This one is through Kawasaki directly...I can buy directly from them or I can buy it through my dealership sales person. My dealer does not offer there own waranty or service program outside of Kaws, but I have heard the same as you....some dealers are getting into this game themselves so they have more control inhouse with you the customer. A friend had some tranny problems with his Polaris...Polaris played the abuse card even though the dealer disagreed completely...to keep the customer happy the dealer ate the cost of fixing the unit. I imagine that happens more often then we realize I guess, so I can see why dealers might want to offer their own warranties. I still have not found out if those numbers are negotiable yet, but I have a month to decide. I'd like to know if my dealer gets any incentives for having me purchase a warranty, I don't need to even contact them to purchase it, but I would like to get some honest feedback from their service deptartment as to how well Kaw stands behind the warranty etc. I'll look into the possiblity of other warranty companies as well......I get offers in the mail for my truck every week it seems, but most of those seem shady to me, but I don't honestly know if thats the case. Thanks for the tip!


----------



## Captain Tan Can (Nov 9, 2005)

I currently have an AC 650 which is of course powered by Kaw. My first snowmobile was a 1972 AC with 440 Kawasaki. I have owned several machines over the last 35 years and never purchased an extended warranty. The only repair that I have had to do that would have been covered by warranty was to replace a crankcase seal. It was on my son's AC 340 and he had been "abusing" it as all 17 year olds tend to do. I got him the service manual and told him to have fun. He fixed it in a couple of days and babied it thereafter. I do not abuse any equipment I own whether its an ATV, snowmobile, car or snowblower. Buying a good product to start with is half the battle. Generally speaking a manufacturing defect will show up in the first 6 months. After that I believe that if you take care of it , it will take care of you. Most financial advisors will tell you that purchasing extended warranties it a waste of money and I can tell you that over a 40 year period of not buying them I feel I've come out way ahead. Just my 2cents worth.


----------



## William H Bonney (Jan 14, 2003)

:tdo12: I thought AC ATV's had Suzuki engines in 'em?


----------



## WALLEYE MIKE (Jan 7, 2001)

William H Bonney said:


> :tdo12: I thought AC ATV's had Suzuki engines in 'em?


Ours do Bill.


----------



## Swamp Monster (Jan 11, 2002)

William H Bonney said:


> :tdo12: I thought AC ATV's had Suzuki engines in 'em?

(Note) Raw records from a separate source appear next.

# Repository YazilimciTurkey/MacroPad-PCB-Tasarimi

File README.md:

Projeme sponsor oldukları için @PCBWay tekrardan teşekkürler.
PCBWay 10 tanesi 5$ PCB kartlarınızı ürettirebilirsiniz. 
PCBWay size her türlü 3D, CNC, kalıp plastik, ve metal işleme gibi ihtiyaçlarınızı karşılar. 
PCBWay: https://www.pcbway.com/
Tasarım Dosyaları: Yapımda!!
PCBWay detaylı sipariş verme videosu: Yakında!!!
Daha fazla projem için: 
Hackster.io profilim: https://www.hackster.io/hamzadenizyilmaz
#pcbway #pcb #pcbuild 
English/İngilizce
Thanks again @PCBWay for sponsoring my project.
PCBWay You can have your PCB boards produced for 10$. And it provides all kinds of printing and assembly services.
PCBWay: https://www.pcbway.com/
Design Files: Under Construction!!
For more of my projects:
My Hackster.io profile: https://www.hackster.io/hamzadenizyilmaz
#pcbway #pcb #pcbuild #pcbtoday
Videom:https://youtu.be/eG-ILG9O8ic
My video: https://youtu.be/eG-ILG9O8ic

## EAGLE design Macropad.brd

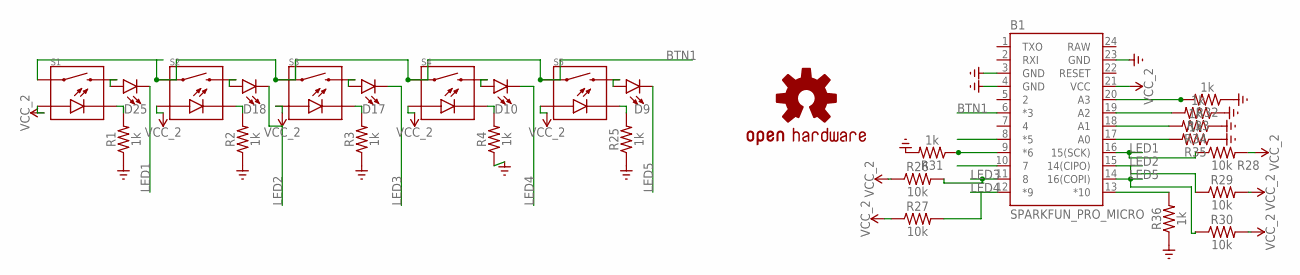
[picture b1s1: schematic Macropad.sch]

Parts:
B1: SPARKFUN_PRO_MICRO
D9, D10, D17, D18, D25: LED3MM; LED_3MM
LOGO1: OSHW-LOGOM-COPPER; OSHW-LOGO-M_COPPER
R1, R2, R3, R4, R25, R31, R32, R33, R34, R35, R36: 1k; AXIAL-0.3
R26, R27, R28, R29, R30: 10k; AXIAL-0.3
S1, S2, S3, S4, S5: 1POLE-FIXPINS-W/LED; 1POLE-FIXPINS-W/LED-EASYSOLDER

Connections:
BTN1: B1.6 (*3), S1.1, S2.1, S3.1, S4.1, S5.1
GND: B1.3 (GND), B1.4 (GND), B1.23 (GND), R1.P$1 (1), R2.P$1 (1), R3.P$1 (1), R4.P$1 (1), R25.P$1 (1), R31.P$2 (2), R32.P$1 (1), R33.P$1 (1), R34.P$1 (1), R35.P$1 (1), R36.P$1 (1)
LED1: B1.16 (15(SCK)), D25.K (C), R28.P$1 (1)
LED2: B1.15 (14(CIPO)), D18.K (C), R29.P$1 (1)
LED3: B1.11 (8), D17.K (C), R26.P$2 (2)
LED4: B1.12 (*9), D10.K (C), R27.P$2 (2)
LED5: B1.14 (16(COPI)), D9.K (C), R30.P$1 (1)
unnamed: R1.P$2 (2), S1.4
unnamed: R2.P$2 (2), S2.4
unnamed: R3.P$2 (2), S3.4
unnamed: R4.P$2 (2), S4.4
unnamed: R25.P$2 (2), S5.4
unnamed: D25.A, S1.2
unnamed: D18.A, S2.2
unnamed: D17.A, S3.2
unnamed: D10.A, S4.2
unnamed: D9.A, S5.2
unnamed: B1.9 (*6), R31.P$1 (1)
unnamed: B1.20 (A3), R32.P$2 (2)
unnamed: B1.19 (A2), R33.P$2 (2)
unnamed: B1.18 (A1), R34.P$2 (2)
unnamed: B1.17 (A0), R35.P$2 (2)
unnamed: B1.13 (*10), R36.P$2 (2)
NET,: B1.8 (*5)
RAW: B1.24 (RAW)
VCC_2: B1.21 (VCC), R26.P$1 (1), R27.P$1 (1), R28.P$2 (2), R29.P$2 (2), R30.P$2 (2), S1.3, S2.3, S3.3, S4.3, S5.3

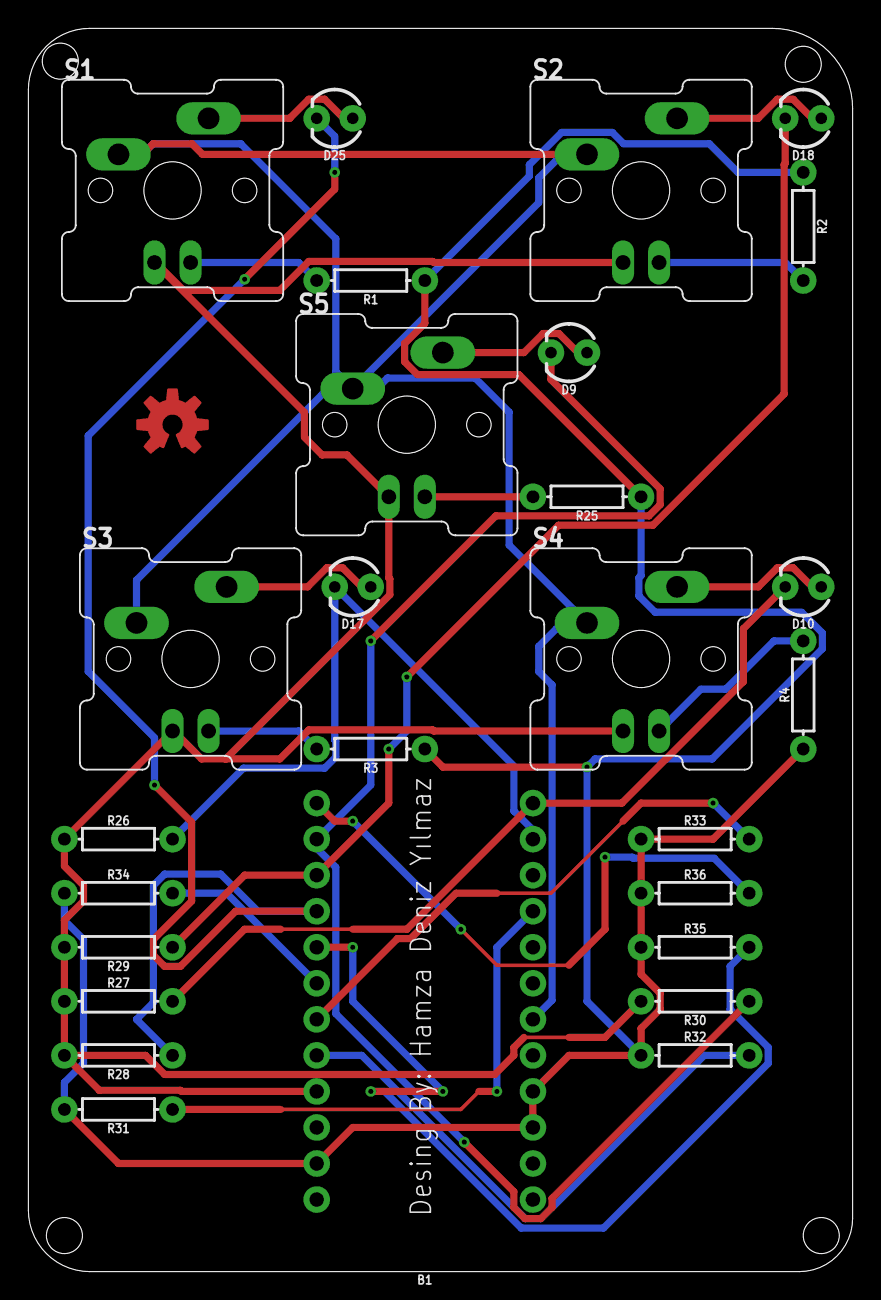
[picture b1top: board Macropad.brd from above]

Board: 2 copper layers, 58.1 x 87.6 mm, 28 parts (0 on the bottom side), 24 nets.

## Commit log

2023-01-13 Macropad.brd
    Macropad.brd
2023-01-13 Macropad.sch
    Macropad.sch

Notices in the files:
parts and their libraries:
SparkFun-Boards: Licensing: Creative Commons ShareAlike 4.0 International - https://creativecommons.org/licenses/by-sa/4.0

AC has two different 650 models.
With AC, depending on the models, you get both! One of the 650's is the same motor I have....633cc Kaw Vtwin, the other 650 AC model has their own engine (I think)...an AC first. The new FI 700 AC, has the Suzuki King Quad motor. Confused yet? I think the AC 400's have the same Suzuki motor that the Suzuki Eiger has. Both Kaw and Suzuki are known for reliable engines so AC has benefited from years of RD etc.....probably far more cost effective than if they were to start out with their own engine program initially. 

Want to be more confused, for the last few years Suzuki and Kawasaki have been under agreement to share technology, and many of their models are exactly the same, just different color plastic. Suzukis previous 700 Twin Peaks quad was nothing more than a yellow version of the Kaw Praire 700...ofcourse they came in other colors as well. That agreement was ended late last year though.


----------



## jmoser (Sep 11, 2002)

Search the web for an owner's group or forum for your specific machine - ask if there are any well known repair issues that an extended warranty would cover. Unless there is a SPECIFIC issue you want to insure against I cannot see spending the $$ on the extended warranty. 

These usually cost way more than they are worth; many times these are so full of loopholes that you'll have to pay up for repairs anyway.

Also - never buy an extended warranty that is not from the OEM themselves. Your warranty 'contract' is not with the dealership, it is with the underwriter. There was a recent case in the automotive world where a large underwriter of extended warranties [just a financial entity, not a manufacturer] went bankrupt and left these policies worthless. The dealerships got blasted cause they sold them but at the end of the day the owners were simply out of luck [and money.]


----------